The elections in Russia earlier this month were widely condemned as a performance that fell somewhere between tragedy and farce. Although President Vladimir Putin does have substantial public support, the vote was stage-managed to ensure that he would be “re-elected” with more than 87 percent of the vote.

And the result was fixed long before Russians even arrived at polling stations: The political opposition has been ruthlessly crushed, independent media has been silenced and public protesters have been given draconian prison sentences. Russia’s most prominent opposition politician, Aleksei Navalny, died in prison last month.

All of which raises an interesting question: Why do autocratic leaders bother holding rigged elections at all?
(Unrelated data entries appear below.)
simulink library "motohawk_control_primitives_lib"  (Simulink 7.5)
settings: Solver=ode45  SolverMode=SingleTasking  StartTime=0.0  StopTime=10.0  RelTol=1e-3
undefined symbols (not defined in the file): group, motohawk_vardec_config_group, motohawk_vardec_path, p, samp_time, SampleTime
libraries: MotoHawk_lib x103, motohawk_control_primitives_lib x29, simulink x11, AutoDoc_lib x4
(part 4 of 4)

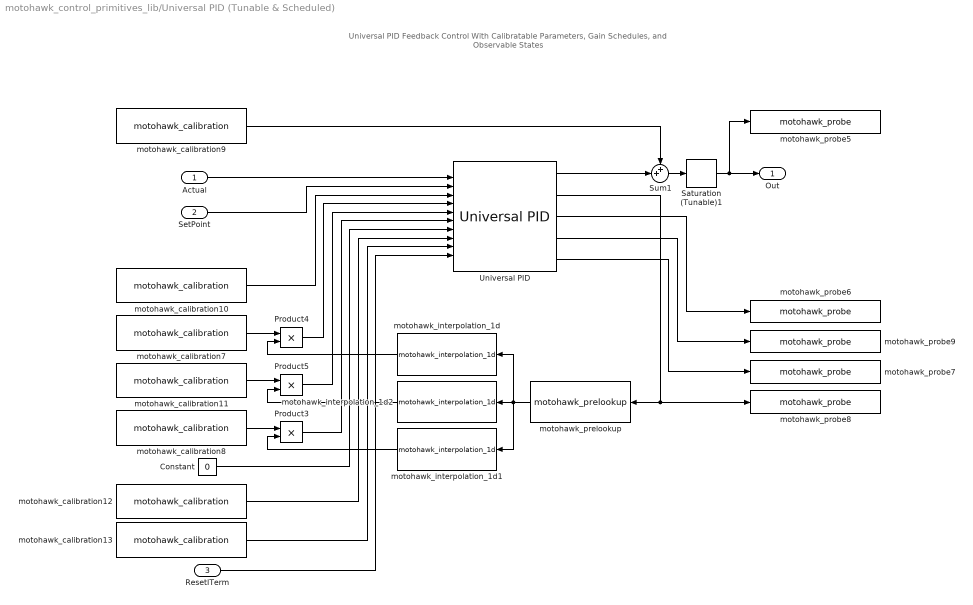
== system motohawk_control_primitives_lib/Universal PID (Tunable & Scheduled) ==
  note: Universal PID Feedback Control
      | With Calibratable Parameters,
      | Gain Schedules, and Observable States
  Actual : Inport  OutDataType=sfix(16)  OutScaling=2^0
  SetPoint : Inport  Port=2  OutDataType=sfix(16)  OutScaling=2^0
  ResetITerm : Inport  Port=3  OutDataType=sfix(16)  OutScaling=2^0
  Constant : Constant  Value=0  OutDataType=sfix(16)  OutScaling=2^0  OutDataTypeStr=Inherit: Inherit via back propagation
  Product3 : Product  OutDataType=sfix(16)  OutScaling=2^0  SaturateOnIntegerOverflow=on  InputSameDT=on  OutDataTypeStr=Inherit: Same as first input
  Product4 : Product  OutDataType=sfix(16)  OutScaling=2^0  SaturateOnIntegerOverflow=on  InputSameDT=on  OutDataTypeStr=Inherit: Same as first input
  Product5 : Product  OutDataType=sfix(16)  OutScaling=2^0  SaturateOnIntegerOverflow=on  InputSameDT=on  OutDataTypeStr=Inherit: Same as first input
  Saturation (Tunable)1 : motohawk_control_primitives_lib/Saturation (Tunable)  prefix=prefix  units=units  grp=motohawk_vardec_config_group(grp)
  Sum1 : Sum  Inputs=++|  OutDataType=sfix(16)  OutScaling=2^0  InputSameDT=on
  Universal PID : motohawk_control_primitives_lib/Universal PID  Description=|  samp_time=SampleTime
      | /* Name: ErrorGain Unit:mult ClassID:VAR StorageID:FLASH Access:RW4+RW3+NA2+NA1 TypeID:UINT4                   
      |    Gain:0.000000001 Min:0.000000000 Max:4.000000000 Format:10.9 UpdateID:REMOTE Help:"This gain is applied to "
      |    "the error term before it is used to calculate the P, I and D terms." VardecSig:6C */                       
      |                                                                                                                
      | /* Name: ITermLowerLim Unit:0 ClassID:VAR StorageID:FLASH Access:RW4+RW3+NA2+NA1 TypeID:SINT2 Gain:0.1         
      |    Min:-3276.8 Max:3276.7 Format:5.1 UpdateID:REMOTE Help:"Lower limit on the I-term value." VardecSig:6C */   
      |                                                                                                                
      | /* Name: ITermUpperLim ClassID:VAR StorageID:FLASH Access:RW4+RW3+NA2+NA1 TypeID:SINT2 Gain:0.1 Min:-3276.8    
      |    Max:3276.7 Format:5.1 UpdateID:REMOTE Help:"Upper limit on I-term value." VardecSig:6C */                   
      |                                                                                                                
      | /* Name: PIDOutLowerLim ClassID:VAR StorageID:FLASH Access:RW4+RW3+NA2+NA1 TypeID:SINT2 Gain:0.1               
      |    Min:-3276.8 Max:3276.7 Format:5.1 UpdateID:REMOTE Help:"Lower limit on PID output." VardecSig:6C */         
      |                                                                                                                
      | /* Name: PIDOutUpperLim ClassID:VAR StorageID:FLASH Access:RW4+RW3+NA2+NA1 TypeID:SINT2 Gain:0.1               
      |    Min:-3276.8 Max:3276.7 Format:3.1 UpdateID:REMOTE Help:"Upper limit on PID output." VardecSig:6C */
  motohawk_calibration10 : MotoHawk_lib/Calibration & Probing Blocks/motohawk_calibration  nam=[prefix 'ErrorGain']  val=1  storage=Calibration  show_more=on  name_source=Use Parameter  data_type=Inherit from 'Default Value'  read_level=1  write_level=1  ovr_cals=on  view_as=Number  enum_struct={'Disabled', 'Enabled'}  vector_style=Wide Row  use_help_units=on  help='PID Error Gain'  units='mult'  use_header_enum=off  row_header_enum={}  col_header_enum={}  use_min_max=off  min_val=-inf  max_val=inf  use_precision=off  precision=''  gain=1  offset=0  exp=1  use_mototune_group=on  mototune_group=motohawk_vardec_config_group(grp)
  motohawk_calibration11 : MotoHawk_lib/Calibration & Probing Blocks/motohawk_calibration  nam=[prefix 'IGain']  val=1  storage=Calibration  show_more=on  name_source=Use Parameter  data_type=Inherit from 'Default Value'  read_level=1  write_level=1  ovr_cals=on  view_as=Number  enum_struct={'Disabled', 'Enabled'}  vector_style=Wide Row  use_help_units=on  help='PID Integrator Gain'  units='mult'  use_header_enum=off  row_header_enum={}  col_header_enum={}  use_min_max=off  min_val=-inf  max_val=inf  use_precision=off  precision=''  gain=1  offset=0  exp=1  use_mototune_group=on  mototune_group=motohawk_vardec_config_group(grp)
  motohawk_calibration12 : MotoHawk_lib/Calibration & Probing Blocks/motohawk_calibration  nam=[prefix 'IMin']  val=0  storage=Calibration  show_more=on  name_source=Use Parameter  data_type=Inherit from 'Default Value'  read_level=1  write_level=1  ovr_cals=on  view_as=Number  enum_struct={'Disabled', 'Enabled'}  vector_style=Wide Row  use_help_units=on  help='PID Integrator Lower Limit'  units=units  use_header_enum=off  row_header_enum={}  col_header_enum={}  use_min_max=off  min_val=-inf  max_val=inf  use_precision=off  precision=''  gain=1  offset=0  exp=1  use_mototune_group=on  mototune_group=motohawk_vardec_config_group(grp)
  motohawk_calibration13 : MotoHawk_lib/Calibration & Probing Blocks/motohawk_calibration  nam=[prefix 'IMax']  val=1  storage=Calibration  show_more=on  name_source=Use Parameter  data_type=Inherit from 'Default Value'  read_level=1  write_level=1  ovr_cals=on  view_as=Number  enum_struct={'Disabled', 'Enabled'}  vector_style=Wide Row  use_help_units=on  help='PID Integrator Upper Limit'  units=units  use_header_enum=off  row_header_enum={}  col_header_enum={}  use_min_max=off  min_val=-inf  max_val=inf  use_precision=off  precision=''  gain=1  offset=0  exp=1  use_mototune_group=on  mototune_group=motohawk_vardec_config_group(grp)
  motohawk_calibration7 : MotoHawk_lib/Calibration & Probing Blocks/motohawk_calibration  nam=[prefix 'PGain']  val=1  storage=Calibration  show_more=on  name_source=Use Parameter  data_type=Inherit from 'Default Value'  read_level=1  write_level=1  ovr_cals=on  view_as=Number  enum_struct={'Disabled', 'Enabled'}  vector_style=Wide Row  use_help_units=on  help='PID Proportional Gain'  units='mult'  use_header_enum=off  row_header_enum={}  col_header_enum={}  use_min_max=off  min_val=-inf  max_val=inf  use_precision=off  precision=''  gain=1  offset=0  exp=1  use_mototune_group=on  mototune_group=motohawk_vardec_config_group(grp)
  motohawk_calibration8 : MotoHawk_lib/Calibration & Probing Blocks/motohawk_calibration  nam=[prefix 'DGain']  val=1  storage=Calibration  show_more=on  name_source=Use Parameter  data_type=Inherit from 'Default Value'  read_level=1  write_level=1  ovr_cals=on  view_as=Number  enum_struct={'Disabled', 'Enabled'}  vector_style=Wide Row  use_help_units=on  help='PID Derivative Gain'  units='mult'  use_header_enum=off  row_header_enum={}  col_header_enum={}  use_min_max=off  min_val=-inf  max_val=inf  use_precision=off  precision=''  gain=1  offset=0  exp=1  use_mototune_group=on  mototune_group=motohawk_vardec_config_group(grp)
  motohawk_calibration9 : MotoHawk_lib/Calibration & Probing Blocks/motohawk_calibration  nam=[prefix 'DCOffset']  val=0  storage=Calibration  show_more=on  name_source=Use Parameter  data_type=Inherit from 'Default Value'  read_level=1  write_level=1  ovr_cals=on  view_as=Number  enum_struct={'Disabled', 'Enabled'}  vector_style=Wide Row  use_help_units=on  help='PID Output DC Offset'  units=units  use_header_enum=off  row_header_enum={}  col_header_enum={}  use_min_max=off  min_val=-inf  max_val=inf  use_precision=off  precision=''  gain=1  offset=0  exp=1  use_mototune_group=on  mototune_group=motohawk_vardec_config_group(grp)
  motohawk_interpolation_1d : MotoHawk_lib/Lookup Tables/motohawk_interpolation_1d  nam=[prefix 'PMult']  table_data=ones(1,tblsize)  show_more=on  data_type=Inherit from 'Table Data'  storage=NonAdaptive  read_level=1  write_level=1  ovr_cals=on  use_help=on  help='Proportional term gain schedule'  units='mult'  use_min_max=off  min_val=-inf  max_val=inf  use_precision=off  precision=''  gain=1  offset=0  exp=1  use_links=off  prelookup_block=''  output_name=''  use_mototune_group=on  mototune_group=grp
  motohawk_interpolation_1d1 : MotoHawk_lib/Lookup Tables/motohawk_interpolation_1d  nam=[prefix 'DMult']  table_data=ones(1,tblsize)  show_more=on  data_type=Inherit from 'Table Data'  storage=NonAdaptive  read_level=1  write_level=1  ovr_cals=on  use_help=on  help='Derivative term gain schedule'  units='mult'  use_min_max=off  min_val=-inf  max_val=inf  use_precision=off  precision=''  gain=1  offset=0  exp=1  use_links=off  prelookup_block=''  output_name=''  use_mototune_group=on  mototune_group=grp
  motohawk_interpolation_1d2 : MotoHawk_lib/Lookup Tables/motohawk_interpolation_1d  nam=[prefix 'IMult']  table_data=ones(1,tblsize)  show_more=on  data_type=Inherit from 'Table Data'  storage=NonAdaptive  read_level=1  write_level=1  ovr_cals=on  use_help=on  help='Integrator term gain schedule'  units='mult'  use_min_max=off  min_val=-inf  max_val=inf  use_precision=off  precision=''  gain=1  offset=0  exp=1  use_links=off  prelookup_block=''  output_name=''  use_mototune_group=on  mototune_group=grp
  motohawk_prelookup : MotoHawk_lib/Lookup Tables/motohawk_prelookup  nam=[prefix 'Error']  breakpoint_data=ones(1,tblsize)  show_more=on  data_type=Inherit from 'Table Data'  storage=Constant  read_level=1  write_level=1  ovr_cals=on  use_help=on  help='Error gain schedule ordinates'  units=units  use_min_max=off  min_val=-inf  max_val=inf  use_precision=off  precision=''  gain=1  offset=0  exp=1  use_links=on  input_name=[prefix 'Error']  use_mototune_group=on  mototune_group=grp
  motohawk_probe5 : MotoHawk_lib/Calibration & Probing Blocks/motohawk_probe  nam=[prefix 'Out']  show_more=on  name_source=Use Parameter  read_level=1  view_as=Number  enum_struct={'Disabled', 'Enabled'}  vector_style=Wide Row  use_help_units=on  help='PID Final Output'  units=units  use_header_enum=off  row_header_enum={}  col_header_enum={}  use_precision=off  precision=''  gain=1  offset=0  exp=1  use_mototune_group=on  mototune_group=grp
  motohawk_probe6 : MotoHawk_lib/Calibration & Probing Blocks/motohawk_probe  nam=[prefix 'PTerm']  show_more=on  name_source=Use Parameter  read_level=1  view_as=Number  enum_struct={'Disabled', 'Enabled'}  vector_style=Wide Row  use_help_units=on  help='PID Proportional Term'  units=units  use_header_enum=off  row_header_enum={}  col_header_enum={}  use_precision=off  precision=''  gain=1  offset=0  exp=1  use_mototune_group=on  mototune_group=grp
  motohawk_probe7 : MotoHawk_lib/Calibration & Probing Blocks/motohawk_probe  nam=[prefix 'DTerm']  show_more=on  name_source=Use Parameter  read_level=1  view_as=Number  enum_struct={'Disabled', 'Enabled'}  vector_style=Wide Row  use_help_units=on  help='PID Derivative Term'  units=units  use_header_enum=off  row_header_enum={}  col_header_enum={}  use_precision=off  precision=''  gain=1  offset=0  exp=1  use_mototune_group=on  mototune_group=grp
  motohawk_probe8 : MotoHawk_lib/Calibration & Probing Blocks/motohawk_probe  nam=[prefix 'Error']  show_more=on  name_source=Use Parameter  read_level=1  view_as=Number  enum_struct={'Disabled', 'Enabled'}  vector_style=Wide Row  use_help_units=on  help='PID Error Term'  units=units  use_header_enum=off  row_header_enum={}  col_header_enum={}  use_precision=off  precision=''  gain=1  offset=0  exp=1  use_mototune_group=on  mototune_group=grp
  motohawk_probe9 : MotoHawk_lib/Calibration & Probing Blocks/motohawk_probe  nam=[prefix 'ITerm']  show_more=on  name_source=Use Parameter  read_level=1  view_as=Number  enum_struct={'Disabled', 'Enabled'}  vector_style=Wide Row  use_help_units=on  help='PID Integrator Term'  units=units  use_header_enum=off  row_header_enum={}  col_header_enum={}  use_precision=off  precision=''  gain=1  offset=0  exp=1  use_mototune_group=on  mototune_group=grp
  Out : Outport  OutDataType=sfix(16)  OutScaling=2^0
  wires:
  motohawk_calibration13/1 -> Universal PID/9
  motohawk_calibration12/1 -> Universal PID/8
  Constant/1 -> Universal PID/7
  ResetITerm/1 -> Universal PID/10
  Universal PID/4 -> motohawk_probe9/1
  Universal PID/3 -> motohawk_probe6/1
  Universal PID/2 -> motohawk_probe8/1, motohawk_prelookup/1
  Product5/1 -> Universal PID/5
  motohawk_interpolation_1d2/1 -> Product5/2
  motohawk_calibration11/1 -> Product5/1
  motohawk_prelookup/1 -> motohawk_interpolation_1d2/1, motohawk_interpolation_1d1/1, motohawk_interpolation_1d/1
  SetPoint/1 -> Universal PID/2
  Actual/1 -> Universal PID/1
  Saturation (Tunable)1/1 -> motohawk_probe5/1, Out/1
  Universal PID/5 -> motohawk_probe7/1
  Universal PID/1 -> Sum1/2
  Sum1/1 -> Saturation (Tunable)1/1
  motohawk_calibration9/1 -> Sum1/1
  motohawk_calibration10/1 -> Universal PID/3
  Product4/1 -> Universal PID/4
  motohawk_calibration7/1 -> Product4/1
  Product3/1 -> Universal PID/6
  motohawk_calibration8/1 -> Product3/1
  motohawk_interpolation_1d/1 -> Product4/2
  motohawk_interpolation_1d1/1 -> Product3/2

It can be helpful to think of elections in autocratic states as an exercise in propaganda, targeted at multiple audiences. Fixing a vote can be a way for an incumbent like Putin to demonstrate his control over the levers of power: there is value in demonstrating that bureaucratic agencies, local governments, security forces and the media are loyal (or cowed) enough to participate in such a substantial, expensive and complex project.

That performance of control can also serve as a warning to the opposition and any of its potential allies, underlining the apparent futility of protest. “If you have an 87 percent victory, it’s like, ‘Do I really want to die, when this is just pointless because he’s got such an iron grip on power?’” Brian Klaas, a political scientist at University College London who coauthored the book “How to Rig an Election.” “Part of that is to basically exhibit dominance over the domestic sphere and deter opposition.”

The public might know that the election has been rigged, but not know by how much. So even a manipulated election can contribute to the image of a leader’s popularity, especially if the press is already heavily loyal, Klaas said.